Remaining Korean Hostages Alive as Deadline Passes

The remaining 21 South Korean hostages were alive on Wednesday after another Taliban deadline expired, an Afghan official said, adding the army had dropped leaflets warning of an assault to rescue them.

|PIC1|"The hostages are alive," said Khowja Seddiqi, district chief of Qarabagh, in Ghazni province, where the 23 Christian volunteers were abducted nearly two weeks ago by the Taliban.

"The national army has dropped leaflets through helicopters telling people in several districts to evacuate their houses because it wants to launch an operation," he told Reuters.

The defence ministry could not be reached immediately for comment.

Earlier the ministry said the Afghan National Army had launched an operation in Ghazni, but insisted it was "routine" and was not linked with the kidnapping.

The head of the Afghan government team tasked with trying secure the release of the hostages has not ruled out use of force to end their ordeal.

The Taliban could not be immediately be contacted. The movement has repeatedly said that any use of force would jeopardise the lives of the remaining hostages.

Earlier in the day, a Taliban spokesman said the group was expecting to hear from Afghan mediators over its demand for the government to release rebel prisoners, but insisted some of the hostages would be killed if that demand was not met by 0730 GMT.

The Afghan government has said that giving in to rebel demands would only encourage more kidnapping.

The hostages' desperate relatives, keeping an agonising vigil in Seoul, appealed to the U.S. government to intervene. South Korean lawmakers also made a joint appeal to Washington to act.

The Taliban spokesman said two women among the 21 Koreans were now seriously ill.

"The majority of the hostages are ill, but two females are seriously ill and there is this possibility that they may die," Qari Mohammad Yousuf told Reuters by telephone from an undisclosed location.

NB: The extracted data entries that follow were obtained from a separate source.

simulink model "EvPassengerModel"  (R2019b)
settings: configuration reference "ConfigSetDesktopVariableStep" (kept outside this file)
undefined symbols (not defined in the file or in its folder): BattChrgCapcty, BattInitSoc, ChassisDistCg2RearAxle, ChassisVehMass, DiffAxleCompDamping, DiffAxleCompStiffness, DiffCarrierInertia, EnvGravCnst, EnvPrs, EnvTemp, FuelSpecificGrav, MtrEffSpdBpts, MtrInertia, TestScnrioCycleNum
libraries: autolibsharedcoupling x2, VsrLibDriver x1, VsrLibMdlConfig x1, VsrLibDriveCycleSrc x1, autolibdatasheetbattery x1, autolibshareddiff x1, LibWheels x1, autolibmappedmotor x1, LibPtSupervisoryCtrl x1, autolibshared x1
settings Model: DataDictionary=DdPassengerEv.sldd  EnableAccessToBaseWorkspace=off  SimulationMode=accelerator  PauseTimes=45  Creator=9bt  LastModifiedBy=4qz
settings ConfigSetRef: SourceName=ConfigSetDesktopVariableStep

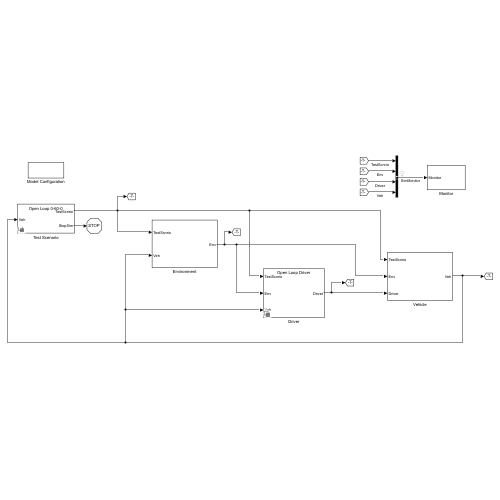
[thumbnail: Simulink's stored preview of the top-level diagram]
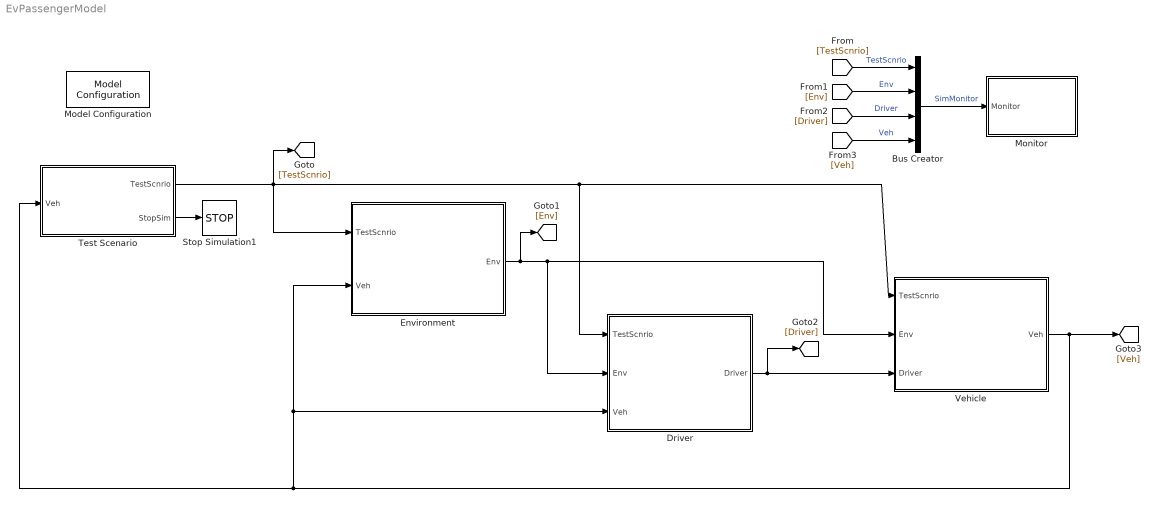
== system EvPassengerModel ==
  Bus Creator : BusCreator  Inputs=4
  Driver : Subsystem  Variant=on  VariantControlMode=label  LabelModeActiveChoice=OpenLoopDriver
  Environment : Subsystem
  Model Configuration : VsrLibMdlConfig/Model Configuration  ConfigFileName=getMdlConfigs
  Monitor : Subsystem
  Stop Simulation1 : Stop
  Test Scenario : Subsystem  Variant=on  VariantControlMode=label  LabelModeActiveChoice=OpenLoop0to60to0
  Vehicle : Subsystem
  wires:
  Driver/1(Driver) -> Vehicle/3(Driver), [Driver]
  Environment/1(Env) -> [Env], Driver/2(Env), Vehicle/2(Env)
  Test Scenario/1(TestScnrio) -> [TestScnrio], Driver/1(TestScnrio), Vehicle/1(TestScnrio), Environment/1(TestScnrio)
  Bus Creator/1 -> Monitor/1(Monitor)  "SimMonitor"
  [TestScnrio] -> Bus Creator/1  "TestScnrio"
  [Env] -> Bus Creator/2  "Env"
  [Driver] -> Bus Creator/3  "Driver"
  [Veh] -> Bus Creator/4  "Veh"
  Vehicle/1(Veh) -> [Veh], Test Scenario/1(Veh), Environment/2(Veh), Driver/3(Veh)
  Test Scenario/2(StopSim) -> Stop Simulation1/1

== system EvPassengerModel/Driver ==
  TestScnrio : Inport
  Env : Inport  Port=2
  Veh : Inport  Port=3
  Open Loop Driver : Subsystem  VariantControl=OpenLoopDriver
  Predictive Driver : Subsystem  VariantControl=PredDriver
  Driver : Outport

== system EvPassengerModel/Environment ==
  TestScnrio : Inport
  Veh : Inport  Port=2
  Subsystem : Subsystem
  Subsystem1 : Subsystem
      mask Display: disp('')
  Subsystem2 : Subsystem
      mask Display: disp('')
  Env : Outport
  wires:
  Veh/1 -> Subsystem2/2(Veh)
  Subsystem/3(WindVel) -> Subsystem1/3(WindVel)
  Subsystem/2(EnvTemp) -> Subsystem1/2(EnvTemp)
  Subsystem/4(RoadGrade) -> Subsystem1/4(RoadGrade)
  Subsystem/1(EnvPrs) -> Subsystem1/1(EnvPrs)
  Subsystem1/1(Env) -> Env/1
  TestScnrio/1 -> Subsystem2/1(TestScnrio)
  Subsystem2/1(Grade) -> Subsystem/1(Grade)

== system EvPassengerModel/Monitor ==
  Monitor : Inport
  Calculate Fuel MPG : Subsystem  Commented=on
  Calculate Powertrain Energy : Subsystem
  Terminator : Terminator
  Terminator3 : Terminator
  wires:
  Calculate Fuel MPG/1(FuelEconMPG) -> Terminator/1  "FuelEconMpg"
  Monitor/1 -> Calculate Powertrain Energy/1(Monitor), Calculate Fuel MPG/1(Monitor)
  Calculate Powertrain Energy/1(TransEnrgyOutkWh) -> Terminator3/1  "DiffEnrgyInkWh"

== system EvPassengerModel/Test Scenario ==
  Veh : Inport
  Drive Cycle Source : Subsystem  VariantControl=DriveCycleSrc
  Open Loop 0-60-0 : Subsystem  VariantControl=OpenLoop0to60to0
  TestScnrio : Outport
  StopSim : Outport  Port=2

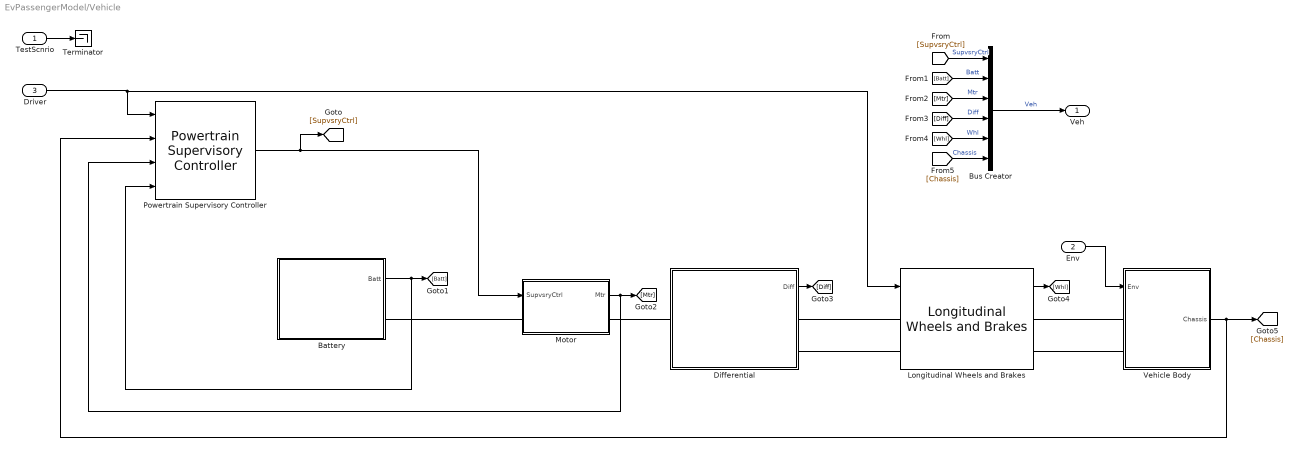
== system EvPassengerModel/Vehicle ==
  TestScnrio : Inport
  Env : Inport  Port=2
  Driver : Inport  Port=3
  Battery : Subsystem
  Bus Creator : BusCreator  Inputs=6
  Differential : Subsystem  VariantControl=0
  Longitudinal Wheels and Brakes : LibWheels/Longitudinal Wheels and Brakes  SystemSampleTime=-1  Latency=0  AutoFrameSizeCalculation=off
  Motor : Subsystem
  "Powertrain Supervisory Controller " : LibPtSupervisoryCtrl/Powertrain Supervisory Controller   SystemSampleTime=-1  Latency=0  AutoFrameSizeCalculation=off
  Terminator : Terminator
  Vehicle Body : Subsystem
  Veh : Outport
  wires:
  "Powertrain Supervisory Controller "/1 -> Motor/1(SupvsryCtrl), [SupvsryCtrl]
  Driver/1 -> Longitudinal Wheels and Brakes/1, "Powertrain Supervisory Controller "/1
  Bus Creator/1 -> Veh/1  "Veh"
  TestScnrio/1 -> Terminator/1
  Env/1 -> Vehicle Body/1(Env)
  Vehicle Body/1(Chassis) -> "Powertrain Supervisory Controller "/2, [Chassis]
  Differential/1(Diff) -> [Diff]
  Longitudinal Wheels and Brakes/1 -> [Whl]
  [SupvsryCtrl] -> Bus Creator/1  "SupvsryCtrl"
  [Batt] -> Bus Creator/2  "Batt"
  [Mtr] -> Bus Creator/3  "Mtr"
  [Diff] -> Bus Creator/4  "Diff"
  [Whl] -> Bus Creator/5  "Whl"
  [Chassis] -> Bus Creator/6  "Chassis"
  Battery/1(Batt) -> "Powertrain Supervisory Controller "/4, [Batt]
  Motor/1(Mtr) -> "Powertrain Supervisory Controller "/3, [Mtr]
  connections:
  Battery/RConn1 -- Motor/LConn1
  Differential/LConn1 -- Motor/RConn1
  Longitudinal Wheels and Brakes/LConn1 -- Differential/RConn1
  Longitudinal Wheels and Brakes/LConn2 -- Differential/RConn2
  Longitudinal Wheels and Brakes/RConn1 -- Vehicle Body/LConn1
  Longitudinal Wheels and Brakes/RConn2 -- Vehicle Body/LConn2

== system EvPassengerModel/Driver/Open Loop Driver ==
  TestScnrio : Inport
  Env : Inport  Port=2
  Veh : Inport  Port=3
  Longitudinal Driver : Subsystem
  Subsystem1 : Subsystem
      mask Display: disp('')
  Subsystem2 : Subsystem
      mask Display: disp('')
  Driver : Outport
  wires:
  Subsystem2/2(DecelCmd) -> Longitudinal Driver/2(DecelCmdIn)
  Subsystem2/1(AccelCmd) -> Longitudinal Driver/1(AccelCmdIn)
  Veh/1 -> Subsystem2/3(Veh)
  Env/1 -> Subsystem2/2(Env)
  TestScnrio/1 -> Subsystem2/1(TestScnrio)
  Subsystem1/1(TransPlant) -> Driver/1
  Longitudinal Driver/5(IgSw) -> Subsystem1/5(IgSw)
  Longitudinal Driver/1(AccelCmd) -> Subsystem1/1(AccelCmd)
  Longitudinal Driver/4(CltchCmd) -> Subsystem1/4(CltchCmd)
  Longitudinal Driver/2(DecelCmd) -> Subsystem1/2(DecelCmd)
  Longitudinal Driver/3(GearCmd) -> Subsystem1/3(GearCmd)

== system EvPassengerModel/Driver/Predictive Driver ==
  TestScnrio : Inport
  Env : Inport  Port=2
  Veh : Inport  Port=3
  Longitudinal Driver : Subsystem
  Subsystem1 : Subsystem
      mask Display: disp('')
  Subsystem2 : Subsystem
      mask Display: disp('')
  Driver : Outport
  wires:
  Longitudinal Driver/3(GearCmd) -> Subsystem1/3(GearCmd)
  Longitudinal Driver/2(DecelCmd) -> Subsystem1/2(DecelCmd)
  Longitudinal Driver/4(CltchCmd) -> Subsystem1/4(CltchCmd)
  Longitudinal Driver/1(AccelCmd) -> Subsystem1/1(AccelCmd)
  Longitudinal Driver/5(IgSw) -> Subsystem1/5(IgSw)
  Subsystem1/1(TransPlant) -> Driver/1
  TestScnrio/1 -> Subsystem2/1(TestScnrio)
  Env/1 -> Subsystem2/2(Env)
  Veh/1 -> Subsystem2/3(Veh)
  Subsystem2/1(VehRefSpd) -> Longitudinal Driver/1(VehRefSpd)
  Subsystem2/2(VehRefSpdLookAhead) -> Longitudinal Driver/2(VehRefSpdLookAhead)
  Subsystem2/3(VehDistLookAhead) -> Longitudinal Driver/3(VehDistLookAhead)
  Subsystem2/4(TimeLookAhead) -> Longitudinal Driver/4(TimeLookAhead)
  Subsystem2/5(VehSpd) -> Longitudinal Driver/5(VehSpd)
  Subsystem2/6(VehDist) -> Longitudinal Driver/6(VehDist)
  Subsystem2/7(RoadGrade) -> Longitudinal Driver/7(RoadGrade)
  Subsystem2/8(GradeLookAhead) -> Longitudinal Driver/8(GradeLookAhead)

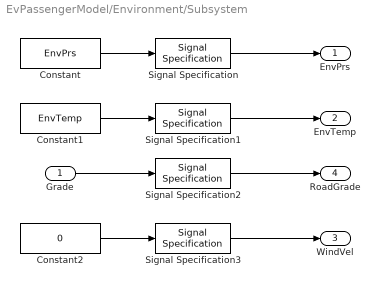
== system EvPassengerModel/Environment/Subsystem ==
  Grade : Inport
  Constant : Constant  Value=EnvPrs
  Constant1 : Constant  Value=EnvTemp
  Constant2 : Constant  Value=0
  Signal Specification : SignalSpecification  Unit=Pa
  Signal Specification1 : SignalSpecification  Unit=K
  Signal Specification2 : SignalSpecification  Unit=rad
  Signal Specification3 : SignalSpecification  Unit=m/s
  EnvPrs : Outport
  EnvTemp : Outport  Port=2
  WindVel : Outport  Port=3
  RoadGrade : Outport  Port=4
  wires:
  Constant/1 -> Signal Specification/1
  Constant2/1 -> Signal Specification3/1
  Constant1/1 -> Signal Specification1/1
  Grade/1 -> Signal Specification2/1
  Signal Specification/1 -> EnvPrs/1
  Signal Specification1/1 -> EnvTemp/1
  Signal Specification2/1 -> RoadGrade/1
  Signal Specification3/1 -> WindVel/1

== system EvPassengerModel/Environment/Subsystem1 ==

He said the pair suffered from an unknown illness and the Taliban did not have the right medicines to treat them.

NO DEAL

The Islamic movement killed two male hostages after previous deadlines expired.

Afghan officials have said no deal would be struck with the Taliban and demanded the unconditional release of the remaining captives, 18 of them women. The group of 23 had been sent by a Christian church in Seoul to do relief work in Afghanistan.

President Hamid Karzai came under sharp criticism after releasing a group of Taliban prisoners in March in return for the freedom of an Italian journalist.

South Korea is under intense pressure to bring the hostages home but concedes it has few cards to play. Seoul has called for "flexibility", a comment analysts say is directed at the United States to pressure Kabul to strike a deal with the kidnappers.

A U.S. State Department spokesman has said Washington "does not make concessions to terrorists".

The abduction of the Koreans comes after 18 months of rising violence in Afghanistan, the bloodiest period since the Taliban were ousted from power by U.S.-led and Afghan forces in 2001.

A day before seizing the Koreans, the Taliban abducted two German aid workers and five Afghan colleagues in Wardak province, which, like Ghazni, lies to the southwest of Kabul.

One German was found shot dead and one of the Afghans managed to escape. The other German and four Afghans were still being held.

The Taliban have demanded Germany pulls its 3,000 troops out of Afghanistan as the main condition for freeing the other German.

Al Jazeera aired silent footage of a man against a rocky backdrop, guarded by a militant with a rocket-propelled grenade.

"The German hostage Rudolf B. ... urged Germany and the United States to pull out their forces from Afghanistan and urged his country to help save his life and secure his return to his homeland and family," the station presenter said.

German Chancellor Angela Merkel has said Berlin would not give in to the kidnappers' demands.

Separately, the Taliban have killed four Afghan judges they kidnapped in Ghazni two weeks ago, a provincial official said on Wednesday. The bodies of the four, killed on Tuesday night, were found to the south of the town of Ghazni on Wednesday, he added.